# Southern Turkey Tag



## huntinfool (Nov 1, 2007)

Can anyone give me a snow depth report down on the Boulders? I have a Southern Turkey tag and I'm not sure what we will be able to get into this year compared to last. Any info. would be appreciated. Thanks

Huntinfool


----------



## TEX-O-BOB (Sep 12, 2007)

DEEP!

This year will be a late one for getting into the back country for sure.


----------



## BPturkeys (Sep 13, 2007)

Other than maybe access to public ground, it don't matter how deep the snow is cause pretty much if you can't get there, the birds won't be there. They don't get up into that deep snow. They will stay at the fringe of the snow and below, munchin away on new greens and scratchin for seeds and bugs.


----------



## goofy elk (Dec 16, 2007)

The south slopes are burning off fast,,even on Boulder. I drove across I-70 and down I-15 to
St. George yesterday,,lots of snow around Beaver.

Going to scout birds in the Veyo,Central, and 
Enterprise areas tomarrow. I'm kicking around the
idea of hunting down here the first week..
Last year that second week of april was NASTY on
Fillmore!,,Rained and cold for 5 strait days.

I also might go back home on Hwy 12 over Boulder
sunday,,If I do, I'll post ya an awsome snow report. :wink:


----------



## huntinfool (Nov 1, 2007)

Thanks everyone maybe I'll be hunting the main street of Boulder town  I'll be looking for your update Goofy.

Huntinfool


----------



## hockey (Nov 7, 2007)

huntinfool said:


> Thanks everyone maybe I'll be hunting the main street of Boulder town  I'll be looking for your update Goofy.
> 
> Huntinfool


Don't even think about it, I've had that spot staked out for a month


----------



## goofy elk (Dec 16, 2007)

Just got home and sorry huntinfool,,No Boulder snow report this week,,,,

I had an unexpected invitation to golf Dixie Red Hills early this morning,,
couldn't pass it up, cut into my scouting time coming home..

I did find some turkeys 30 minutes from St. George though, I'll be watching the
weather close,,,I'm "up in the air" BAD as to were we'll hunt on the opening....
Stayed on I-15 coming home,,Fillmore and Oak Creek look very tempting.
I love hunting turkeys there too... :wink:


----------



## huntinfool (Nov 1, 2007)

Thanks Goofy sounds like you had a great time. I'm going to take a side trip Easter Sunday from Moab to Torry  We will see what it looks like then.

Huntinfool


----------



## utduckguy (Dec 30, 2009)

I find it puzzleing why you guys post the areas you are scouting and anounce it to the state.You guys spend your time,money to let others now the general areas you are scouting have fun hunting with the other hundreds of hunters :shock: hunting your birds you spent watching. :shock:


----------



## pkred (Jul 9, 2009)

Went by the Boulder today there is still a lot of snow in the high country but not much lower down.


----------



## goofy elk (Dec 16, 2007)

utduckguy said:


> I find it puzzleing why you guys post the areas you are scouting and anounce it to the state.You guys spend your time,money to let others now the general areas you are scouting have fun hunting with the other hundreds of hunters :shock: hunting your birds you spent watching. :shock:


We are just mentioning entire mountain ranges, not specific drainage's or canyons...

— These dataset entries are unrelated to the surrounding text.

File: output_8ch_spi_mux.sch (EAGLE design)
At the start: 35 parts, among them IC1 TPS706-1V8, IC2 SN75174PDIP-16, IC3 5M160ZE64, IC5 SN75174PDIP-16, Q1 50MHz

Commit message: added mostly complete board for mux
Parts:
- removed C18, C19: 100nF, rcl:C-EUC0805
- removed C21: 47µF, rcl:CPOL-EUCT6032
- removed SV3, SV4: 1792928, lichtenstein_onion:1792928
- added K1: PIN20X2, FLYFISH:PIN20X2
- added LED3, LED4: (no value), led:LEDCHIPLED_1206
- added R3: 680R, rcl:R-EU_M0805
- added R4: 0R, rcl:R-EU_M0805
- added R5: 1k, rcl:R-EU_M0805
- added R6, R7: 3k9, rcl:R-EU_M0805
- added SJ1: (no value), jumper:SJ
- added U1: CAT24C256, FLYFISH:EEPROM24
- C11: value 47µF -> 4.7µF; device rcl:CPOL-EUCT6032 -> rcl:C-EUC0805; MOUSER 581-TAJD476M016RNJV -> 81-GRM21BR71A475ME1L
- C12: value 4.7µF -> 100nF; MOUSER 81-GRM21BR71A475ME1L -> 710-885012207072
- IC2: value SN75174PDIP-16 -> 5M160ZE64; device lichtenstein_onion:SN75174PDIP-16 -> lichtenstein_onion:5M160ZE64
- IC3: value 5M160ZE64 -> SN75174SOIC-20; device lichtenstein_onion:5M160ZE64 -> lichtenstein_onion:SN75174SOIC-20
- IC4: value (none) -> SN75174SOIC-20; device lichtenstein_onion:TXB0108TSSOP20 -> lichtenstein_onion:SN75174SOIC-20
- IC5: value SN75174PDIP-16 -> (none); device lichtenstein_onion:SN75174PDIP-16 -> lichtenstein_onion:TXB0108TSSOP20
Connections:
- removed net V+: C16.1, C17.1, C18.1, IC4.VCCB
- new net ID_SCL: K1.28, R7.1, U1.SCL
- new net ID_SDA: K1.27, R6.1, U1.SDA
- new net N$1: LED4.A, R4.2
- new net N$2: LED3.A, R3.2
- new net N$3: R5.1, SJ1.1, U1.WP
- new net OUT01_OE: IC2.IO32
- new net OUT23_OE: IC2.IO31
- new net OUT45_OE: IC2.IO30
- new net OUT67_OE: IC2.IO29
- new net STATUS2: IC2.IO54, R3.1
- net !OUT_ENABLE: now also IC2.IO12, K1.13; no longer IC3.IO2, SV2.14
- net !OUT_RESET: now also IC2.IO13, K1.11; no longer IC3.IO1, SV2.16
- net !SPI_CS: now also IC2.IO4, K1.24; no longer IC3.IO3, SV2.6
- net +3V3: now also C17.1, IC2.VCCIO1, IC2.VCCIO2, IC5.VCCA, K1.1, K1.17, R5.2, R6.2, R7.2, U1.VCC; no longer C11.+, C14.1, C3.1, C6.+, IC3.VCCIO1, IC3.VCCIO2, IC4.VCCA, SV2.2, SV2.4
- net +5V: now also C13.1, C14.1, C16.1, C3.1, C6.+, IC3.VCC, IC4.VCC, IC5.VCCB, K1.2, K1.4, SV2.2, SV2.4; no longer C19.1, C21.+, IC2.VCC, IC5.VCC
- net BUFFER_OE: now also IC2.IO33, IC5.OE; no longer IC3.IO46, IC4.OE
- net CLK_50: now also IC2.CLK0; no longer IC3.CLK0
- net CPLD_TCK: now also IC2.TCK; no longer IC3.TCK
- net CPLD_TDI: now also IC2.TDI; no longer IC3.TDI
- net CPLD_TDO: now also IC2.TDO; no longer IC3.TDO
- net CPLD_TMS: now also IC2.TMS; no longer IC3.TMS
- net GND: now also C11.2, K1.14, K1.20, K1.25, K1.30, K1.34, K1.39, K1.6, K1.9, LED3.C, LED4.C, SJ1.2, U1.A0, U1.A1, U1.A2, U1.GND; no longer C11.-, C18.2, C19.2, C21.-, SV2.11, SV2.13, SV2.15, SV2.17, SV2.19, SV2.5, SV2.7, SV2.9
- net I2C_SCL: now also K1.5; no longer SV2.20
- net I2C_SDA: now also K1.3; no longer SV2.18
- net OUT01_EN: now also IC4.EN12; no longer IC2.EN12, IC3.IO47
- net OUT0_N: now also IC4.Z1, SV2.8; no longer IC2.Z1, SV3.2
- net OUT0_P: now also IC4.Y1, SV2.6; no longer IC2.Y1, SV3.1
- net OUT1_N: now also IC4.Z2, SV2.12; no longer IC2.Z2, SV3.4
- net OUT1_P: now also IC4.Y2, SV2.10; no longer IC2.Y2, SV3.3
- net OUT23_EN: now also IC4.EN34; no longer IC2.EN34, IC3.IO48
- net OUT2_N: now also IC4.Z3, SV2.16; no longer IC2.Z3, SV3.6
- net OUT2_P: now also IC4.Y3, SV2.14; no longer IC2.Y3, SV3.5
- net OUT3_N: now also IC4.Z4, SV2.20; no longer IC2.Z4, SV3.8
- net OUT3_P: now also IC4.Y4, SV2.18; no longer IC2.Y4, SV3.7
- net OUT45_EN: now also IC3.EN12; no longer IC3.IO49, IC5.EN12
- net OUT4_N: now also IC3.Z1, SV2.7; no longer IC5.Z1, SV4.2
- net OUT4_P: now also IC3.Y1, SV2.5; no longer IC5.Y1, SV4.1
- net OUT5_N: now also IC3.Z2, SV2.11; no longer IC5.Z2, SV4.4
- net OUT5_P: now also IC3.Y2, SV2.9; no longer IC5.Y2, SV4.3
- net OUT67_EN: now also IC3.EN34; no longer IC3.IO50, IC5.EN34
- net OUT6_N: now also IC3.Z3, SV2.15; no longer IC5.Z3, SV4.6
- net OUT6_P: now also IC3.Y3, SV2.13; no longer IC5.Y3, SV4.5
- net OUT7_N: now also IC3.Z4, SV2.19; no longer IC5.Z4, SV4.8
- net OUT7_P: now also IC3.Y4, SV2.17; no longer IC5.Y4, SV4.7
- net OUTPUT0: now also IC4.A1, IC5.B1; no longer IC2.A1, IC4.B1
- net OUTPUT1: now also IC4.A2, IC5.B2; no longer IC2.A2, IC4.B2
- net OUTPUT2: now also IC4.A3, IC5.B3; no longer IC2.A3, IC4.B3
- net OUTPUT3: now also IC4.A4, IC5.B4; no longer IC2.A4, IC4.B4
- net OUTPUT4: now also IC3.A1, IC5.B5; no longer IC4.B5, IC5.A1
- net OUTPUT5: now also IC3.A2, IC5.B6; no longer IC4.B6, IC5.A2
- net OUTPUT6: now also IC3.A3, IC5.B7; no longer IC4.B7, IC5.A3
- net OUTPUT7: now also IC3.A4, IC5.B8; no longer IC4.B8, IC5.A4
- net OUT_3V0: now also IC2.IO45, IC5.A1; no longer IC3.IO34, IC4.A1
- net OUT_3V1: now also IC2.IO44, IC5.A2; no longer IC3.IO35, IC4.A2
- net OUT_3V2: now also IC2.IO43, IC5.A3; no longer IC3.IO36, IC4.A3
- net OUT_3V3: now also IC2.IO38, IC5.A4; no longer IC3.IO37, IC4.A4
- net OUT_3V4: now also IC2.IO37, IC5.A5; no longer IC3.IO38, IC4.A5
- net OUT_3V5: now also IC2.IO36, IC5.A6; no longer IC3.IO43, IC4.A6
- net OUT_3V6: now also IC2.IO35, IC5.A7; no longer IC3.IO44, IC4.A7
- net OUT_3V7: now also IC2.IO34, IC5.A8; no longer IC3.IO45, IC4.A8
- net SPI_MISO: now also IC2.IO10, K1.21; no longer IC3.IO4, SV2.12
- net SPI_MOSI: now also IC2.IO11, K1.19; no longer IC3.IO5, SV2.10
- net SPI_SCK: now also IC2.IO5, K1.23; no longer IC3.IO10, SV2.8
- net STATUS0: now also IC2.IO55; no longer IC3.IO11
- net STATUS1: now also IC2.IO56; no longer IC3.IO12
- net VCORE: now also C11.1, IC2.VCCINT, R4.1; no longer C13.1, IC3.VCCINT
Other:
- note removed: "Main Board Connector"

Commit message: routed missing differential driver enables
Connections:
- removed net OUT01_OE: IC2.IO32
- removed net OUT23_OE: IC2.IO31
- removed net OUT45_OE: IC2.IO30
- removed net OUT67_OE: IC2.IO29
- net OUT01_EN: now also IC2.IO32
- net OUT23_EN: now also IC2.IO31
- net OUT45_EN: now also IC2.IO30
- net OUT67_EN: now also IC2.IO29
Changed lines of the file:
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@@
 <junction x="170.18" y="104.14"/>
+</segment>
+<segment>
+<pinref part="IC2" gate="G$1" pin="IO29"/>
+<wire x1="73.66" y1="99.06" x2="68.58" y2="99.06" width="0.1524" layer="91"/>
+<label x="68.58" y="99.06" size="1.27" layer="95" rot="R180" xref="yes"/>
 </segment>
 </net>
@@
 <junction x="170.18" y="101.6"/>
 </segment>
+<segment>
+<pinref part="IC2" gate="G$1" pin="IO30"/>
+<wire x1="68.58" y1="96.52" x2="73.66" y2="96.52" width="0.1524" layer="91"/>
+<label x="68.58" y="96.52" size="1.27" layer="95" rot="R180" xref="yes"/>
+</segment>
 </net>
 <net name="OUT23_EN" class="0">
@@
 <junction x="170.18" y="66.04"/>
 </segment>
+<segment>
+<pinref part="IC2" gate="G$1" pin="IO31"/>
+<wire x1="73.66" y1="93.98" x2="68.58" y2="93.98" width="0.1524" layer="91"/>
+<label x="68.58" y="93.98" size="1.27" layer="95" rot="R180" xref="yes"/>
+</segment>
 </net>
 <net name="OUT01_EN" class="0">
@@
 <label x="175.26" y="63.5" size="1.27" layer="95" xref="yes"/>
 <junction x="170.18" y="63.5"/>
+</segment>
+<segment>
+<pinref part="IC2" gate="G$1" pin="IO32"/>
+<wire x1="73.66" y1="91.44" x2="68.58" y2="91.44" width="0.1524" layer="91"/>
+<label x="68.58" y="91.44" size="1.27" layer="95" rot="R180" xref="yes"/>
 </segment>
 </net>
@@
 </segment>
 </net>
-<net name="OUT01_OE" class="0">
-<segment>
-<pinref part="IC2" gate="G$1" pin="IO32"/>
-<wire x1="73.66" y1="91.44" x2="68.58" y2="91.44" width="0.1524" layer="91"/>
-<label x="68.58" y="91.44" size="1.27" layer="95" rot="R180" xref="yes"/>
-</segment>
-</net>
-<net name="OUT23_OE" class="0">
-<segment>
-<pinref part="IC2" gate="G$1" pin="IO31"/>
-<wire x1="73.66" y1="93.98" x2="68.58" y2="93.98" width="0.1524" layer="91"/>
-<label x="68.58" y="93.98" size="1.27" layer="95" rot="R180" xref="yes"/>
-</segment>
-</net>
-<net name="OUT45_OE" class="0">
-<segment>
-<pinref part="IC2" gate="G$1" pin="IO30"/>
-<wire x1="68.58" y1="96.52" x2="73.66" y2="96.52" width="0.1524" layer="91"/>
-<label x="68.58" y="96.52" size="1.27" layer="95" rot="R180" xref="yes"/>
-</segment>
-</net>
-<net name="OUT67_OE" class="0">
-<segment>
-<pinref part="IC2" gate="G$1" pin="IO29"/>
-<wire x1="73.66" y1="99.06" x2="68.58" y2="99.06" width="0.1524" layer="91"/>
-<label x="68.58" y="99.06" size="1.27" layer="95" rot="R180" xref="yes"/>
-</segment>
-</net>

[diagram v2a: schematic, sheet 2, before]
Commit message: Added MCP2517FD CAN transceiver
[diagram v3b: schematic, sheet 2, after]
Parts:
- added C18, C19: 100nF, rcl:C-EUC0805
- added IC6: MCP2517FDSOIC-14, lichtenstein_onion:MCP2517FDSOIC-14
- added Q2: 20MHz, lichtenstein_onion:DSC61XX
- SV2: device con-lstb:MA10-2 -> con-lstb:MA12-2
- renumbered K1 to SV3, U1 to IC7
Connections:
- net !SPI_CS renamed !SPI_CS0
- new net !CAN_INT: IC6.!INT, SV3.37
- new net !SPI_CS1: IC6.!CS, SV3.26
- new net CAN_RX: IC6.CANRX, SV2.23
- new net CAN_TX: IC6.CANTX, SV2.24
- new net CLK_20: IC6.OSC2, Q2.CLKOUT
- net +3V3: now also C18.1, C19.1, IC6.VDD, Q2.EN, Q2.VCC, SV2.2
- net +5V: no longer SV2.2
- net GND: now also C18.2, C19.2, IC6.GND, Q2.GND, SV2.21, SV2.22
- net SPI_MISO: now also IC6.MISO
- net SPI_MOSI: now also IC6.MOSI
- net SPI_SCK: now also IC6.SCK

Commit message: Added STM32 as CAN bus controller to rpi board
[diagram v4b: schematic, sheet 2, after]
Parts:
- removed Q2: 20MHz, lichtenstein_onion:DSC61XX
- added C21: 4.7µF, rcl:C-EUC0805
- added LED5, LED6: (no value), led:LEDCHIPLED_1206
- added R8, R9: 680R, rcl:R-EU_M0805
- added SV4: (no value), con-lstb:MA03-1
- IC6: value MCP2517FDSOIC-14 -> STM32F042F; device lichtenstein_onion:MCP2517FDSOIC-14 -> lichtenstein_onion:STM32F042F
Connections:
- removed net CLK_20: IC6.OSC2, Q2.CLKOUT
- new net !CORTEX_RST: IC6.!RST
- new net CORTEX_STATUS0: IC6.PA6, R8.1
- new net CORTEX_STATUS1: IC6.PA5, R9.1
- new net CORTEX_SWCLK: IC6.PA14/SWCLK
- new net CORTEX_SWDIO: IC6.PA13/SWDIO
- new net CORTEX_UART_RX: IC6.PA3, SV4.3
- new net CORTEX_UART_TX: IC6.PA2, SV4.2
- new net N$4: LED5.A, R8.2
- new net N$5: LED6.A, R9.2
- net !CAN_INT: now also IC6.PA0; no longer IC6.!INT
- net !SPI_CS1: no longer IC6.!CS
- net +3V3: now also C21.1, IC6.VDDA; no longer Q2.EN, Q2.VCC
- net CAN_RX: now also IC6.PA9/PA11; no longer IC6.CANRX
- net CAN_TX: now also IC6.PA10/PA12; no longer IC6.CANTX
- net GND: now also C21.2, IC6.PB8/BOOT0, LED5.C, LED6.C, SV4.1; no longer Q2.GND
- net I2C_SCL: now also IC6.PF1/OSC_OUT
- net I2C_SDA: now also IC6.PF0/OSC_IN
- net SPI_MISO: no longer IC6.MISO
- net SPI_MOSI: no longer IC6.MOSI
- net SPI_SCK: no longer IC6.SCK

The southern turkey tag covers several MILLION acres and only 1,100 LE permits...

I know so many places we could go on this first hunt and never see another hunter
its CRAZY!! lets see, Pine Valley, Cedar Mountain, Paunsaugunt, Escalante mountain,
Griffin mountain, Parker mountain, Thousand Lakes mountain , Boulder , Dutton , Monroe,
Beaver mountain, Phavant Fillmore, Oak Creek, Fish Lake, And west of I-15 to Nevada!!!

I did this off the top of my head, did I miss any?? And only 1,100 tags. Sweet hunt.


----------



## huntinfool (Nov 1, 2007)

Thanks it should be a great hunt. I'm down in Moab for a week, I don't ever remember this much snow on the La Sals this time of the year.
Huntinfool


----------